8. Make a set time each day to talk privately to each other. This will be deeply challenging as you will want to harass your partner all day and night , needing answers to feel secure. I suggest you carry around a journal and write down feelings that arise . This is something both of you should be doing. This will allow some emotional regulation so when you meet , you will both be able to talk and not only scream and cry.
9. Make conversations more about how you feel than asking why. Share feelings of fear, loss, vulnerability , sadness
9. Begin setting #Tech agreements . Share what will make you feel safe , such as having access to partner’s phone, sharing what each of you are doing online, and the perpetrator agrees to let you know whenever the lover/s, contacts them online.
10. In this intense atmosphere of lock down , once you feel more emotionally regulated, begin talking about your relationship , and really digging deep into each coming up with a model of relationship that each one would prefer.
11. And finally broach discussing alternative types of relationships such as consensual non-monogamy.
The leading
pornography site Pornhub reported that since early March, as countries imposed quarantine measures in an effort to halt the spread of the virus, its traffic has surged, bringing 10, 20 or even 60 percent more visitors than their usual numbers.

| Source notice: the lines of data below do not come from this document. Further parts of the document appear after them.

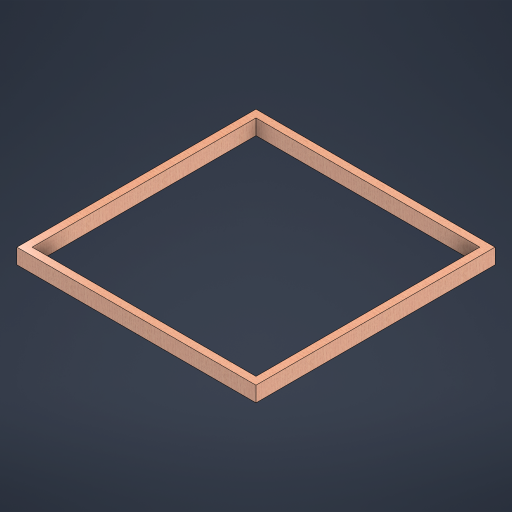
# Autodesk Inventor part: 200554
Saved by Autodesk Inventor 2023.1 (Build 271208000, 208)
## iProperties
Created: 2023-01-06
Part Number: 200554
Material: Wood (Oak)
Document SubType Name: Modeling
Designer: Byron Robotics
Mass: 3013.91 g
Surface Area: 4683.86 cm^2
Volume: 3965.67 cm^3
Density: 0.76 g/cm^3
Appearance: White Oak - Natural Medium Gloss
Author: Byron Robotics
Autodesk Inventor part; units mm, degrees
ref_plane "YZ Plane" through (0, 0, 0) normal (1, 0, 0) x (0, 1, 0)
ref_plane "XZ Plane" through (0, 0, 0) normal (0, 1, 0) x (-1, 0, 0)
ref_plane "XY Plane" through (0, 0, 0) normal (0, 0, 1) x (1, 0, 0)
sketch "Sketch1" plane through (0, 0, 0) normal (0, 1, 0) x (-1, 0, 0)
  line L0 (0, 0) -> (742.95, 0)
  line L1 (742.95, 0) -> (742.95, 742.95)
  line L2 (742.95, 742.95) -> (0, 742.95)
  line L3 (0, 742.95) -> (0, 0)
  line L4 (0, 742.95) -> (742.95, 0) construction
  line L5 (0, 0) -> (742.95, 742.95) construction
  line L6 (768.35, -25.4) -> (-25.4, -25.4)
  line L7 (-25.4, -25.4) -> (-25.4, 768.35)
  line L8 (-25.4, 768.35) -> (768.35, 768.35)
  line L9 (768.35, 768.35) -> (768.35, -25.4)
  line L10 (768.35, -25.4) -> (-25.4, 768.35) construction
  line L11 (-25.4, -25.4) -> (768.35, 768.35) construction
  point P0 (371.475, 371.475)
  point P1 (-25.4, 371.475)
  dimension "d0" = 742.95
  dimension "d2" = 25.4
  dimension "d3" = 25.4
  constraints: 24 end point, 4 midpoint, 4 parallel, 4 perpendicular, 2 horizontal
  measures "d0" distance of L1.end L2.end
  measures "d2" distance from line of L3 point (-25.4, 371.475)
  measures "d3" distance between parallel lines of L2 L8
extrude "Extrusion1" add sketch "Sketch1" along normal blind 50.8
body "Solid1"

OK Cupid online dating site has seen an increase in activity . But conversations with people on the dating market show that people are still corresponding on the apps, but few of the conversations come to anything.
Loneliness drives people during crises online – seeking relief from anxiety , fear of the unknown. relationships soothe us , and virtual relationships feel more comfortable , from protected place of home and anonymity . Fantasies increase and you can create another reality from your current one.
Be self caring , be compassionate to self and other. Be safe #StayHome and find ways to endure the pain of Cyber Infidelity.
And as a final word of wisdom , I love this piece of information : In China, infidelity used to be the No. 1 reason clients showed up at his office door, says a divorce lawyer, adding that “people have time to have love affairs when they’re not at home.”
Unfortunately that privilege is no longer there for you or me.